> **TASK**
Where the records below show the word "Rectangle" in a line, please copy that line.

:: RECORD EXTRACTS ::

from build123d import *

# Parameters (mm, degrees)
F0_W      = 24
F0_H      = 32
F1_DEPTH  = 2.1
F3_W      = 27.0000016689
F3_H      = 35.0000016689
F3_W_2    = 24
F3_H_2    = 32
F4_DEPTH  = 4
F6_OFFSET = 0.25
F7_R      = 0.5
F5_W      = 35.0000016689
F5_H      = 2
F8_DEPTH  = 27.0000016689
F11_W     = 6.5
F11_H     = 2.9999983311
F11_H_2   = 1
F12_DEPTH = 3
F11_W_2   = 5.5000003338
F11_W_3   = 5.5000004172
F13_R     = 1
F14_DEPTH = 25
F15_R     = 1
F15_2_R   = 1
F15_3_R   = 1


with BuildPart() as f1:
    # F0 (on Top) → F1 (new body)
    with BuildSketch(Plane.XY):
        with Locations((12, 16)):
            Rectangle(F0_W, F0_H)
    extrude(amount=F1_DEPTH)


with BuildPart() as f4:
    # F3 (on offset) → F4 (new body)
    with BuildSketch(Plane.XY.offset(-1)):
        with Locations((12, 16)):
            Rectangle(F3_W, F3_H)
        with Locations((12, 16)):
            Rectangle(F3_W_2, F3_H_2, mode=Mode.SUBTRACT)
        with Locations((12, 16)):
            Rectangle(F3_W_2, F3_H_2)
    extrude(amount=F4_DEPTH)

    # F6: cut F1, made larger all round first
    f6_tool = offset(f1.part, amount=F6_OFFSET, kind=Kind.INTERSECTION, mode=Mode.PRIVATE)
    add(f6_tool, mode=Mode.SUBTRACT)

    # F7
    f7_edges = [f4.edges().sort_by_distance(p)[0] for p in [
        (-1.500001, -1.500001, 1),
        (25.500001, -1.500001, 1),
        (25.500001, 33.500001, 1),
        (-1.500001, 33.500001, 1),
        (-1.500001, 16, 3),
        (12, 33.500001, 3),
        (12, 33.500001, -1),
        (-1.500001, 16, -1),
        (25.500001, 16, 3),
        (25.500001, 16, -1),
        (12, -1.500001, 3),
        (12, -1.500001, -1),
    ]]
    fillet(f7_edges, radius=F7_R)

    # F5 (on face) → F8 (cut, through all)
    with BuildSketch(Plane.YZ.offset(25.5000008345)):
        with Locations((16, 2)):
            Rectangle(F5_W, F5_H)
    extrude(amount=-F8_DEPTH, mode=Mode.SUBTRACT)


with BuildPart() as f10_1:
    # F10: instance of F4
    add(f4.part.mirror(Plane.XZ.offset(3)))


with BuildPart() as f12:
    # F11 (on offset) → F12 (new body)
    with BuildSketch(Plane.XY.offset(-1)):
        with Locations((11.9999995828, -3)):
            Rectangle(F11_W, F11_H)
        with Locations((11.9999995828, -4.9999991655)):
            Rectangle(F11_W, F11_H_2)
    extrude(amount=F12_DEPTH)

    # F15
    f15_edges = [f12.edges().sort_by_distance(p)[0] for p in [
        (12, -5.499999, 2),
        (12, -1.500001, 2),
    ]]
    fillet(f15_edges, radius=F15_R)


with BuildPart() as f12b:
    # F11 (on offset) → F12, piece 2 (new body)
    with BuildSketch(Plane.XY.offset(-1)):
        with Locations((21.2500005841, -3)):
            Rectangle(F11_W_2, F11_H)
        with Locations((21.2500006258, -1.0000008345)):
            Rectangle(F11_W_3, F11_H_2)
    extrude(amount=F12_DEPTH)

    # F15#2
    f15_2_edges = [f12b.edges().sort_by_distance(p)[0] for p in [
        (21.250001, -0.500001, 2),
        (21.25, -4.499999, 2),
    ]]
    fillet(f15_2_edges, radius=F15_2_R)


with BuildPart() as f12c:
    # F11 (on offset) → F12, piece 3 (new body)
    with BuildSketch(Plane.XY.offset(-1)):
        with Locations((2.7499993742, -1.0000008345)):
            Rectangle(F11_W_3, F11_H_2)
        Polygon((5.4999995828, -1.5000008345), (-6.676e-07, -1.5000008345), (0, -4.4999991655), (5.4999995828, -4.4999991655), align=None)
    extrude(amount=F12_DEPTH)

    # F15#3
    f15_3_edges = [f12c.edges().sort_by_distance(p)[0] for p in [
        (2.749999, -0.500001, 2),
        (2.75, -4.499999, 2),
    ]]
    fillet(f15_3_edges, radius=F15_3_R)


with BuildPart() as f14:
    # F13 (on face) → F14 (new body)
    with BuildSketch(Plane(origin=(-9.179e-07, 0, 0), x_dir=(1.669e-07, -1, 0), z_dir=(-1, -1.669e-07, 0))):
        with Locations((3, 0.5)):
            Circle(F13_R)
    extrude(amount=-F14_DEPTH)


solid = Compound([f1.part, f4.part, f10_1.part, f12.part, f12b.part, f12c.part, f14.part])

:::

> **SOLUTION TO THE PROBLEM**
            Rectangle(F0_W, F0_H)
            Rectangle(F3_W, F3_H)
            Rectangle(F3_W_2, F3_H_2, mode=Mode.SUBTRACT)
            Rectangle(F3_W_2, F3_H_2)
            Rectangle(F5_W, F5_H)
            Rectangle(F11_W, F11_H)
            Rectangle(F11_W, F11_H_2)
            Rectangle(F11_W_2, F11_H)
            Rectangle(F11_W_3, F11_H_2)
            Rectangle(F11_W_3, F11_H_2)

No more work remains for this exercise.